At a joint policy briefing by his Defense and State Departments on Wednesday, Yoon was quick to add that building nuclear weapons is not yet official policy. He stressed that for now, South Korea will counter North Korea's nuclear threat by strengthening its alliance with the United States.
Part of such a policy is finding ways to increase the reliability of Washington's commitment to protecting its ally with all its defensive capabilities, including nuclear weapons.
Yoon's comments marked the first time since the United States withdrew all its nuclear weapons from the South in 1991 that a South Korean president officially mentioned arming the country with nuclear weapons. Washington has withdrawn its nuclear weapons from South Korea as part of its global effort to reduce nuclear weapons.
"It is possible that the problem will get worse and our country will either adopt tactical nuclear weapons or build them ourselves," Yoon said, according to a transcript of his statements released by his office. "If that's the case, given our scientific and technological capabilities, we could very quickly have our own nuclear weapons."
South Korea is a signatory to the Nuclear Non-Proliferation Treaty (NPT), which prohibits the country from pursuing nuclear weapons.

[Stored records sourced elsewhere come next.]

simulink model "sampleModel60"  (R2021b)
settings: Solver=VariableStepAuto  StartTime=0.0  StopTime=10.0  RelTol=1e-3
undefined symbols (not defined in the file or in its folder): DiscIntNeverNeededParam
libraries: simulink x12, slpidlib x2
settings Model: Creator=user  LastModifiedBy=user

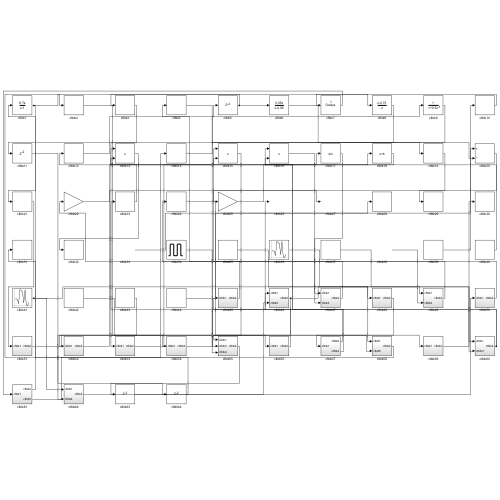
[thumbnail: Simulink's stored preview of the top-level diagram]
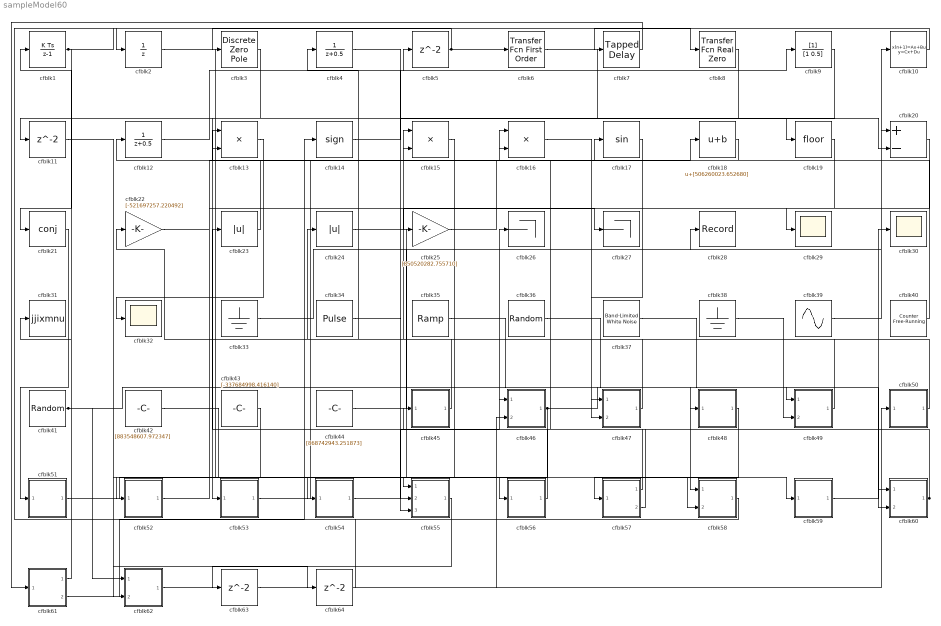
== system sampleModel60 ==
  cfblk1 : DiscreteIntegrator  ICPrevOutput=DiscIntNeverNeededParam  ICPrevScaledInput=DiscIntNeverNeededParam
  cfblk10 : DiscreteStateSpace
  cfblk{5,11,63..64} (4 alike) : Delay  SampleTime=1
  cfblk12 : DiscreteTransferFcn  SampleTime=1
  cfblk13 : Product  Inputs=**
  cfblk14 : Signum
  cfblk15 : Product
  cfblk16 : Product
  cfblk17 : Trigonometry
  cfblk18 : Bias  Bias=[506260023.652680]
  cfblk19 : Rounding
  cfblk2 : UnitDelay  HasFrameUpgradeWarning=on
  cfblk20 : Sum  Inputs=+-
  cfblk21 : Math  Operator=conj  SaturateOnIntegerOverflow=on
  cfblk22 : Gain  Gain=[-521697257.220492]
  cfblk23 : Abs
  cfblk24 : Abs
  cfblk25 : Gain  Gain=[850520282.755710]
  cfblk26 : Terminator
  cfblk27 : Terminator
  cfblk28 : Record  FileSettingsInternal="{\"entries\":[{\"content\":{\"excelSettings\":{\"content\":{},\"type\":\"Streamout.ExcelSettings\"}},\"type\":\"Streamout.FileSettingStorage\",\"uuid\":\"4c679408-955d-4ff0-bf7e-06dd5c5409d8\"}],\"packageUris\":[\"http://schema.mathworks.com/mf0/streamout_blocks/R2020a\"],\"version\":\"1.0\"}"  SignalsInternal="{\"entries\":[{\"content\":{\"signals\":[{\"content\":{\"blockPath\":[\"sampleModel60/cfblk28\"],\"channel\":[],\"dimensions\":[1],\"domain\":\"sampleModel60/cfblk28\",\"lineColor\":\"#4dbeee\",\"plots\":[1],\"port\":1,\"sid\":[\"\"],\"signalID\":2207,\"signalName\":\"cfblk44\"},\"type\":\"RecordBlkView.Signal\",\"uuid\":\"6fc09847-7afc-4846-a01f-61bfadea7150\"}]},\"type\":\"RecordBlkView.InputSignals\",\"uuid\":\"2313032d-359a-41a9-a05e-b1a7dad40221\"}],\"packageUris\":[\"http://schema.mathworks.com/mf0/streamout_blocks/R2020a\"],\"version\":\"1.0\"}"  VisualizationBindings="{\"sparklinesplugin\":{\"info\":[{\"bindingParametersList\":[],\"subplotID\":1}]}}"
  cfblk29 : Scope
  cfblk3 : DiscreteZeroPole  Poles=[0 0.5]  Gain=1
  cfblk30 : Scope
  cfblk31 : ToWorkspace  VariableName=jjixmnu  SaveFormat=Timeseries  SampleTime=-1
  cfblk32 : Scope
  cfblk33 : Ground
  cfblk34 : DiscretePulseGenerator  PulseType=Time based  Amplitude=[-729799359.660639]  Period=[20499576.336896]  PulseWidth=5  PhaseDelay=[2.000000]
  cfblk35 : simulink/Sources/Ramp  slope=[-9962.177894]  start=[43.030977]  InitialOutput=[-979981.461809]
  cfblk36 : RandomNumber  Mean=[-98263.089935]  Variance=[84048.525464]  Seed=[770043193.000000]  SampleTime=0.1
  cfblk37 : simulink/Sources/Band-Limited White Noise  Cov=[8571597638.096084]  Ts=0.1  seed=[9334520980.000000]
  cfblk38 : Ground
  cfblk39 : Sin  Amplitude=[-969853810.219643]  Bias=[-620311576.085574]  SampleTime=0
  cfblk4 : DiscreteTransferFcn  SampleTime=1
  cfblk40 : simulink/Sources/Counter Free-Running  NumBits=[41.000000]  tsamp=-1
  cfblk41 : RandomNumber  Mean=[95459.502564]  Variance=[57526.067039]  Seed=[562370184.000000]  SampleTime=0.1
  cfblk42 : Constant  Value=[883548607.972347]  SampleTime=1
  cfblk43 : Constant  Value=[-337684998.416140]  SampleTime=1
  cfblk44 : Constant  Value=[868742943.251873]  SampleTime=1
  cfblk45 : Subsystem
  cfblk46 : Subsystem
  cfblk47 : Subsystem
  cfblk48 : Subsystem
  cfblk49 : Subsystem
  cfblk50 : Subsystem
  cfblk51 : Subsystem
  cfblk52 : Subsystem
  cfblk53 : Subsystem
  cfblk54 : Subsystem
  cfblk55 : Subsystem
  cfblk56 : Subsystem
  cfblk57 : Subsystem
  cfblk58 : Subsystem
  cfblk59 : Subsystem
  cfblk6 : simulink/Discrete/Transfer Fcn First Order  PoleZ=0.95  ICPrevOutput=0.0  DoSatur=off
  cfblk60 : Subsystem
  cfblk61 : Subsystem
  cfblk62 : Subsystem
  cfblk7 : simulink/Discrete/Tapped Delay  vinit=0.0  samptime=-1  NumDelays=1  DelayOrder=Oldest  includeCurrent=off
  cfblk8 : simulink/Discrete/Transfer Fcn Real Zero  ZeroZ=0.75  ICPrevInput=0.0  DoSatur=off
      settings: SourceProductBaseCode=SL
  cfblk9 : DiscreteFilter  SampleTime=1
  wires:
  cfblk21/1 -> cfblk51/1(cfblk1)
  cfblk23/1 -> cfblk12/1
  cfblk33/1 -> cfblk10/1
  cfblk13/1 -> cfblk32/1
  cfblk48/1(cfblk2) -> cfblk57/1(cfblk1)
  cfblk53/1(cfblk2) -> cfblk17/1
  cfblk45/1(cfblk2) -> cfblk24/1
  cfblk49/1(cfblk2) -> cfblk15/1
  cfblk46/1(cfblk2) -> cfblk49/1(cfblk1), cfblk62/2(cfblk4)
  cfblk8/1 -> cfblk11/1
  cfblk44/1 -> cfblk28/1
  cfblk62/1(cfblk2) -> cfblk50/1(cfblk1)
  cfblk14/1 -> cfblk9/1
  cfblk6/1 -> cfblk19/1
  cfblk39/1 -> cfblk20/1
  cfblk57/1(cfblk2) -> cfblk26/1
  cfblk5/1 -> cfblk6/1, cfblk3/1
  cfblk47/1(cfblk2) -> cfblk22/1
  cfblk2/1 -> cfblk59/1(cfblk1)
  cfblk60/1(cfblk2) -> cfblk16/1, cfblk16/2
  cfblk3/1 -> cfblk53/1(cfblk1)
  cfblk58/1(cfblk2) -> cfblk2/1
  cfblk1/1 -> cfblk21/1, cfblk8/1
  cfblk59/1(cfblk2) -> cfblk30/1
  cfblk7/1 -> cfblk61/1(cfblk1)
  cfblk36/1 -> cfblk58/1(cfblk1)
  cfblk40/1 -> cfblk13/1
  cfblk24/1 -> cfblk56/1(cfblk1)
  cfblk37/1 -> cfblk60/1(cfblk1)
  cfblk51/1(cfblk2) -> cfblk54/1(cfblk1)
  cfblk57/2(cfblk4) -> cfblk45/1(cfblk1)
  cfblk16/1 -> cfblk47/1(cfblk1)
  cfblk17/1 -> cfblk47/2(cfblk3)
  cfblk20/1 -> cfblk25/1
  cfblk61/1(cfblk2) -> cfblk31/1
  cfblk43/1 -> cfblk52/1(cfblk1)
  cfblk15/1 -> cfblk55/1(cfblk1)
  cfblk25/1 -> cfblk18/1
  cfblk19/1 -> cfblk29/1
  cfblk54/1(cfblk2) -> cfblk46/1(cfblk1)
  cfblk42/1 -> cfblk58/2(cfblk5)
  cfblk10/1 -> cfblk7/1
  cfblk52/1(cfblk2) -> cfblk15/2
  cfblk38/1 -> cfblk49/2(cfblk4)
  cfblk12/1 -> cfblk5/1
  cfblk35/1 -> cfblk60/2(cfblk3)
  cfblk4/1 -> cfblk20/2
  cfblk41/1 -> cfblk48/1(cfblk1), cfblk62/1(cfblk1)
  cfblk61/2(cfblk5) -> cfblk14/1
  cfblk18/1 -> cfblk13/2
  cfblk56/1(cfblk2) -> cfblk23/1
  cfblk22/1 -> cfblk27/1
  cfblk50/1(cfblk2) -> cfblk4/1
  cfblk9/1 -> cfblk55/2(cfblk3)
  cfblk34/1 -> cfblk55/3(cfblk4)
  cfblk55/1(cfblk2) -> cfblk63/1
  cfblk63/1 -> cfblk46/2(cfblk3)
  cfblk11/1 -> cfblk64/1
  cfblk64/1 -> cfblk1/1

== system sampleModel60/cfblk45 ==
  cfblk1 : Inport
  cfblk3 : Rounding
  cfblk2 : Outport
  wires:
  cfblk1/1 -> cfblk3/1
  cfblk3/1 -> cfblk2/1

== system sampleModel60/cfblk46 ==
  cfblk1 : Inport
  cfblk3 : Inport  Port=2
  cfblk2 : Outport
  wires:
  cfblk1/1 -> cfblk2/1

== system sampleModel60/cfblk47 ==
  cfblk1 : Inport
  cfblk3 : Inport  Port=2
  cfblk2 : Outport
  wires:
  cfblk1/1 -> cfblk2/1

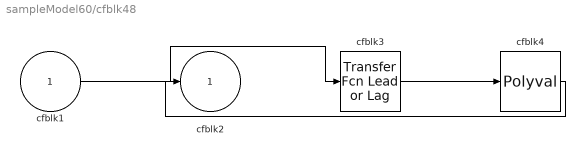
== system sampleModel60/cfblk48 ==
  cfblk1 : Inport
  cfblk3 : simulink/Discrete/Transfer Fcn Lead or Lag  PoleZ=0.95  ZeroZ=0.75  ICPrevOutput=0.0  ICPrevInput=0.0  DoSatur=off
      settings: SourceProductBaseCode=SL
  cfblk4 : Polyval  Coefs=[ +2.081618890e-019, -1.441693666e-014, +4.719686976e-010, -8.536869453e-006, +1.621573104e-001, -8.087801117e+001 ]
  cfblk2 : Outport
  wires:
  cfblk1/1 -> cfblk3/1
  cfblk3/1 -> cfblk4/1
  cfblk4/1 -> cfblk2/1

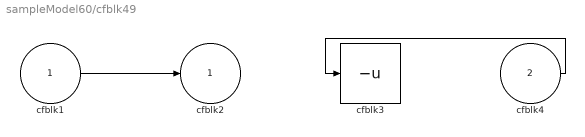
== system sampleModel60/cfblk49 ==
  cfblk1 : Inport
  cfblk4 : Inport  Port=2
  cfblk3 : UnaryMinus
  cfblk2 : Outport
  wires:
  cfblk4/1 -> cfblk3/1
  cfblk1/1 -> cfblk2/1

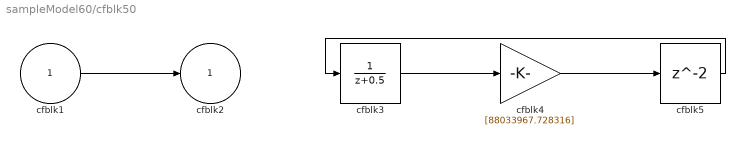
== system sampleModel60/cfblk50 ==
  cfblk1 : Inport
  cfblk3 : DiscreteTransferFcn  SampleTime=1
  cfblk4 : Gain  Gain=[88033967.728316]
  cfblk5 : Delay  SampleTime=1
  cfblk2 : Outport
  wires:
  cfblk1/1 -> cfblk2/1
  cfblk3/1 -> cfblk4/1
  cfblk4/1 -> cfblk5/1
  cfblk5/1 -> cfblk3/1

== system sampleModel60/cfblk51 ==
  cfblk1 : Inport
  cfblk3 : DiscreteStateSpace
  cfblk2 : Outport
  wires:
  cfblk1/1 -> cfblk2/1, cfblk3/1

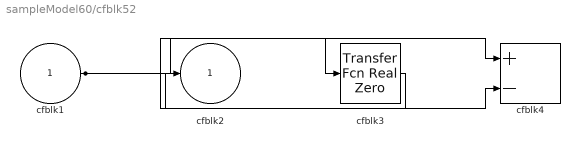
== system sampleModel60/cfblk52 ==
  cfblk1 : Inport
  cfblk3 : simulink/Discrete/Transfer Fcn Real Zero  ZeroZ=0.75  ICPrevInput=0.0  DoSatur=off
      settings: SourceProductBaseCode=SL
  cfblk4 : Sum  Inputs=+-
  cfblk2 : Outport
  wires:
  cfblk1/1 -> cfblk3/1, cfblk4/1, cfblk4/2
  cfblk3/1 -> cfblk2/1

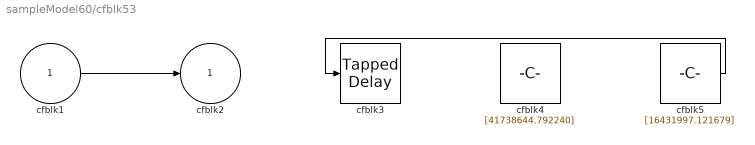
== system sampleModel60/cfblk53 ==
  cfblk1 : Inport
  cfblk3 : simulink/Discrete/Tapped Delay  vinit=0.0  samptime=-1  NumDelays=1  DelayOrder=Oldest  includeCurrent=off
  cfblk4 : Constant  Value=[41738644.792240]  SampleTime=1
  cfblk5 : Constant  Value=[16431997.121679]  SampleTime=1
  cfblk2 : Outport
  wires:
  cfblk5/1 -> cfblk3/1
  cfblk1/1 -> cfblk2/1

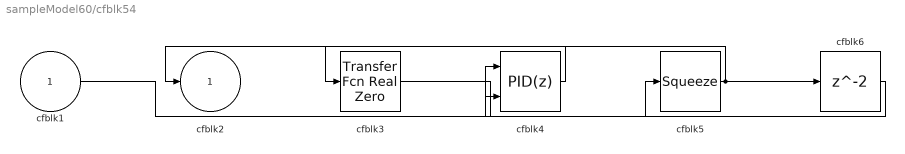
== system sampleModel60/cfblk54 ==
  cfblk1 : Inport
  cfblk3 : simulink/Discrete/Transfer Fcn Real Zero  ZeroZ=0.75  ICPrevInput=0.0  DoSatur=off
      settings: SourceProductBaseCode=SL
  cfblk4 : slpidlib/PID Controller (2DOF)  Controller=PID  Form=Parallel  TimeDomain=Discrete-time  UseExternalTs=off  SampleTime=1  IntegratorMethod=Forward Euler  FilterMethod=Forward Euler  ControllerParametersSource=internal  P=1  I=1  D=0  UseFilter=on  N=100  b=1  c=1  TunerSelectOption=Transfer Function Based (PID Tuner App)  InitialConditionSource=internal  InitialConditionForIntegrator=0  InitialConditionForFilter=0  DifferentiatorICPrevScaledInput=0  ExternalReset=none  TrackingMode=off  Kt=1  LimitOutput=off  SatLimitsSource=internal  UpperSaturationLimit=inf  LowerSaturationLimit=-inf  LinearizeAsGain=off  AntiWindupMode=none  Kb=1  POutMin=[]  POutMax=[]  IOutMin=[]  IOutMax=[]  DOutMin=[]  DOutMax=[]  NOutMin=[]  NOutMax=[]  bOutMin=[]  bOutMax=[]  cOutMin=[]  cOutMax=[]  SumOutMin=[]  SumOutMax=[]  SaturationOutMin=[]  SaturationOutMax=[]  PParamMin=[]  PParamMax=[]  IParamMin=[]  IParamMax=[]  DParamMin=[]  DParamMax=[]  NParamMin=[]  NParamMax=[]  bParamMin=[]  bParamMax=[]  cParamMin=[]  cParamMax=[]  KbParamMin=[]  KbParamMax=[]  KtParamMin=[]  KtParamMax=[]  KbOutMin=[]  KbOutMax=[]  KtOutMin=[]  KtOutMax=[]  IntegratorOutMin=[]  IntegratorOutMax=[]  FilterOutMin=[]  FilterOutMax=[]  SumI1OutMin=[]  SumI1OutMax=[]  SumI2OutMin=[]  SumI2OutMax=[]  SumI3OutMin=[]  SumI3OutMax=[]  SumI4OutMin=[]  SumI4OutMax=[]  SumDOutMin=[]  SumDOutMax=[]  Sum1OutMin=[]  Sum1OutMax=[]  Sum2OutMin=[]  Sum2OutMax=[]  Sum3OutMin=[]  Sum3OutMax=[]  DifferentiatorOutMin=[]  DifferentiatorOutMax=[]  FilterDiffOutCoefMin=[]  FilterDiffOutCoefMax=[]  ReciprocalOutMin=[]  ReciprocalOutMax=[]  SumDenOutMin=[]  SumDenOutMax=[]  SumNumOutMin=[]  SumNumOutMax=[]  DivideOutMin=[]  DivideOutMax=[]  UdiffTsProdOutMin=[]  UdiffTsProdOutMax=[]  NTsProdOutMin=[]  NTsProdOutMax=[]  UintegralTsProdOutMin=[]  UintegralTsProdOutMax=[]  UngainTsProdOutMin=[]  UngainTsProdOutMax=[]  IntegratorContinuousStateAttributes=''  IntegratorStateMustResolveToSignalObject=off  IntegratorRTWStateStorageClass=Auto  FilterContinuousStateAttributes=''  FilterStateMustResolveToSignalObject=off  FilterRTWStateStorageClass=Auto  ParallelPVariant=InternalParameters  IdealPVariant=Disabled  IVariant=InternalParameters  DVariant=InternalParameters  bVariant=InternalParameters  cVariant=InternalParameters  IntegratorVariant=Discrete  SatVariant=Disabled  AWVariant=Passthrough  PCopyVariant=Disabled  TRVariant=Disabled  FdbkBlocksVariant=Forward  IdealPFdbkVariant=Disabled  SatFdbkVariant=Disabled  DerivativeFilterVariant=ForwardEulerFilter  NVariant=InternalParameters  NCopyVariant=Disabled  FilterICVariant=InternalICsFilter  IntegratorICVariant=InternalICs  ExternalResetVariant=Disabled  TRSumVariant=Passthrough  SumFdbkVariant=Disabled  SumVariant=Sum_PID  TsampFilterVariant=InternalTs  TsampNgainVariant=Passthrough  TsampIntegralVariant=Passthrough  ExternalSaturationOutDataTypeStr=Inherit: Same as second input
      settings: SourceProductBaseCode=SL
  cfblk5 : Squeeze
  cfblk6 : Delay  SampleTime=1
  cfblk2 : Outport
  wires:
  cfblk5/1 -> cfblk2/1, cfblk6/1
  cfblk1/1 -> cfblk4/1
  cfblk4/1 -> cfblk3/1
  cfblk3/1 -> cfblk5/1
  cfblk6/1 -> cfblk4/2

It also signed a joint declaration with North Korea in 1991, in which both Koreas agreed "not to test, manufacture, produce, receive, possess, stockpile, deploy, or use nuclear weapons."
But North Korea has violated the deal by conducting six nuclear tests since 2006. Years of negotiations have failed to remove a single nuclear warhead from the North. (US and South Korean officials say North Korea could conduct another nuclear test, its seventh, at any time.)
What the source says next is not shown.